Now comes to the question of rituals. The establishes ritual is to treat presense of and handling of SGGS in one bound volume as a physical form and practice the establised rituals i.e wrapping Rumalas, placing on cot, keeping of higher level, under Chando etc, with practice of Parkash and Sukh Asan and Matha Teko etc. These are mere rituals as established over time and must be limited toSGGS in one bound volume, as per establised practice.

Thus, my understanding is that rituals be performed as per establised
practice on one bound volume of SGGS and Gurbani in other formats be treated with reverence, not merely for rituals, but for reading, reciting, learning and practice.

Rituals are only for our ego and material satisfaction, with no real benefit.


----------



## gurvinder_janu (Oct 30, 2009)

In my opinion the atmosphere too contains Gurbani in analogous form!

Bhul chuk lai muaafi ji


----------



## harbansj24 (Oct 31, 2009)

In whatever we do, there has be a sense of balance and practicality.
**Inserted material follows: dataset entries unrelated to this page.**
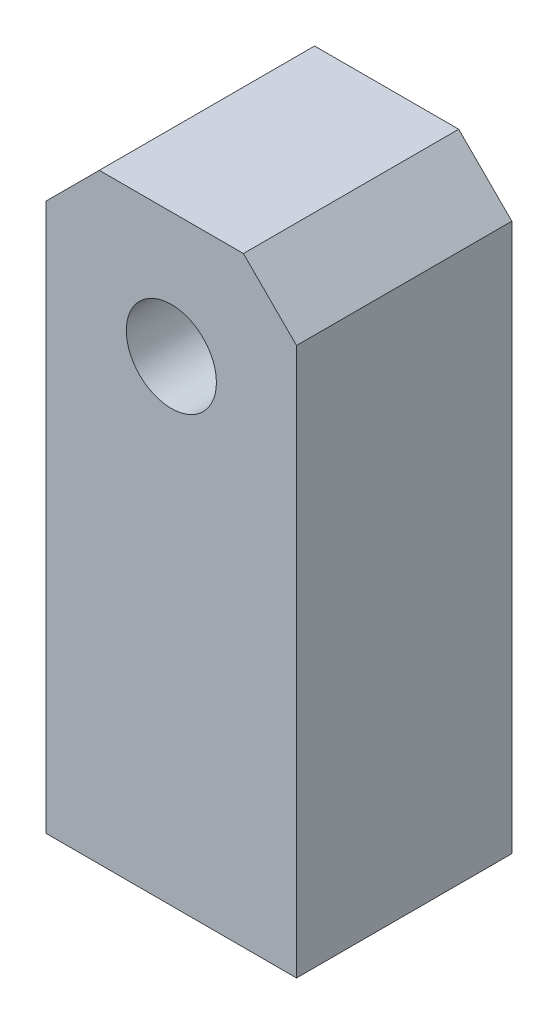
from build123d import *

# Parameters (mm, degrees)
SKETCH1_R           = 0.9
BOSS_EXTRUDE1_DEPTH = 4.3


with BuildPart() as part:
    # Sketch1 → Boss-Extrude1 (new body)
    with BuildSketch(Plane.XY):
        Polygon((2.5, 1.439339828), (1.439339828, 2.5), (-1.439339828, 2.5), (-2.5, 1.439339828), (-2.5, -9.5), (2.5, -9.5), align=None)
        Circle(SKETCH1_R, mode=Mode.SUBTRACT)
    extrude(amount=BOSS_EXTRUDE1_DEPTH)


solid = part.part
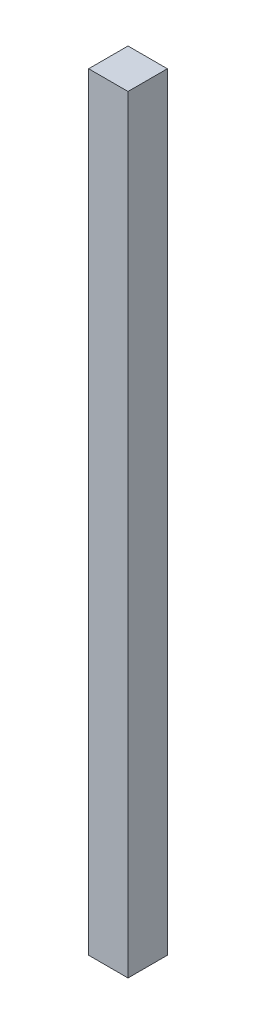
from build123d import *

# Parameters (mm, degrees)
SKETCH2_W           = 3.175
SKETCH2_H           = 61.92012
BOSS_EXTRUDE1_DEPTH = 3.175


with BuildPart() as part:
    # Sketch2 → Boss-Extrude1 (new body)
    with BuildSketch(Plane.XY):
        Rectangle(SKETCH2_W, SKETCH2_H)
    extrude(amount=BOSS_EXTRUDE1_DEPTH)


solid = part.part
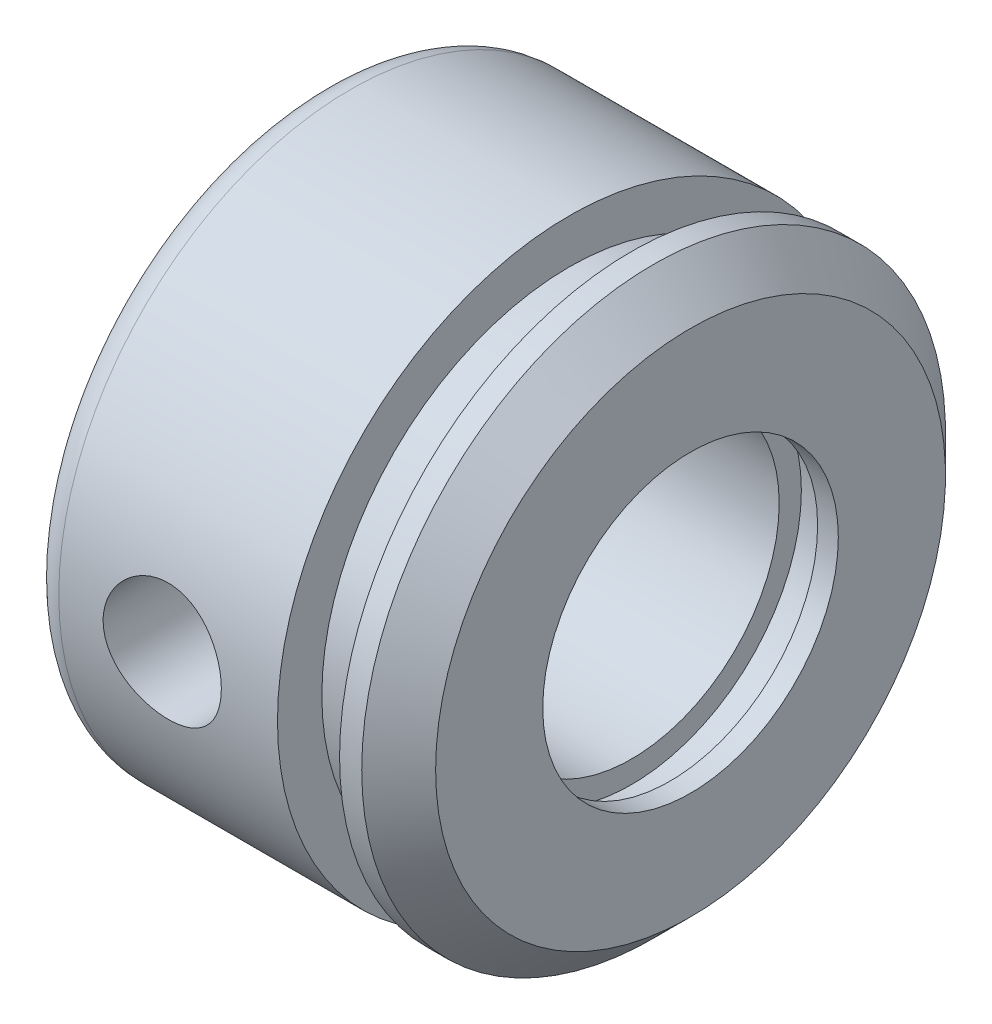
from build123d import *

# Parameters (mm, degrees)
ESQUISSE2_R                  = 4
ENL_V_MAT_EXTRU_1_DEPTH      = 20.75
ENL_V_MAT_EXTRU_1_DEPTH_BACK = 20.75
CONG_2_R                     = 2


with BuildPart() as part:
    # Esquisse1 → Base-Révolution (revolve)
    with BuildSketch(Plane.XY):
        Polygon((-24, 10), (-24, 19.75), (-7.2, 19.75), (-7.2, 16.75), (-3, 16.75), (-3, 19.75), (-1.5, 19.75), (1, 17.25), (1, 10), (-0.4, 10), (-0.4, 11.5), (-3, 11.5), (-3, 10), align=None)
    revolve(axis=Axis((-92, 0, 0), (1, 0, 0)))

    # Esquisse2 → Enlèv. mat.-Extru.1 (cut, two sides)
    with BuildSketch(Plane.XY) as enl_v_mat_extru_1_sk:
        with Locations((-15, 0)):
            Circle(ESQUISSE2_R)
    extrude(amount=ENL_V_MAT_EXTRU_1_DEPTH, mode=Mode.SUBTRACT)
    extrude(enl_v_mat_extru_1_sk.sketch, amount=-ENL_V_MAT_EXTRU_1_DEPTH_BACK, mode=Mode.SUBTRACT)

    # Congé2
    cong_2_edges = [part.edges().sort_by_distance(p)[0] for p in [
        (-24, -19.75, 0),
    ]]
    fillet(cong_2_edges, radius=CONG_2_R)


solid = part.part

Treating a CD on the same level as a bound SGGS is taking things a bit too far.
_Yes it may be perfectly alright to sit and hear with reverence when it is being played._

If we keep extending such things then there will no end. Next we will insist that the shopkeeper selling the CDs should stack them properly. Or right from the time it is produced, it must transported and stored in warehouses with the same reverence as given to bound volume of SGGS.

Next we will start saying that the player in which the CG is played must in pristine form or better still a separate player should be available to play only gurbani. And the CD player should be placed on the palki. There is no limit to such convoluted thinking.

This is what is known as creating a controversy where none exists.


----------



## Astroboy (Oct 31, 2009)

Our gurus took us out of superstitions and rituals. But to some extent rituals are only a reflection of your inner consciousness. Such rituals done spontaneously is part of his leela. But focusing on rules other than the WILL Hukam are of no use because anything which does not correspond to increasing the awareness of the soul self is not going along with us. 

If the CD contains guru's bani whether sung or read, it is only useful if we extract the wisdom in it and use it for our (soul) benefit. 

Imagine, how important it would become when it is the only thing left on Earth while all other forms of the written word were destroyed under HIS HUKAM. In our human consciousness, it would be the ultimate wisdom of the ages. Sants and Mahapurakhs who forsee all this will give utmost importance to the existence of this CD by which HIS WILL will be understood in human language.


----------



## Tejwant Singh (Oct 31, 2009)

Gurbani is like Gungei ki Mithai. It has to be tasted by the individual and his/her experience is the only one that matters. Only by practicing and sharing Gurmat ideals in our real lives we are able to give  the respect it deserves. If we can not do that then all the rest becomes meaningless ritual.

Tejwant Singh


----------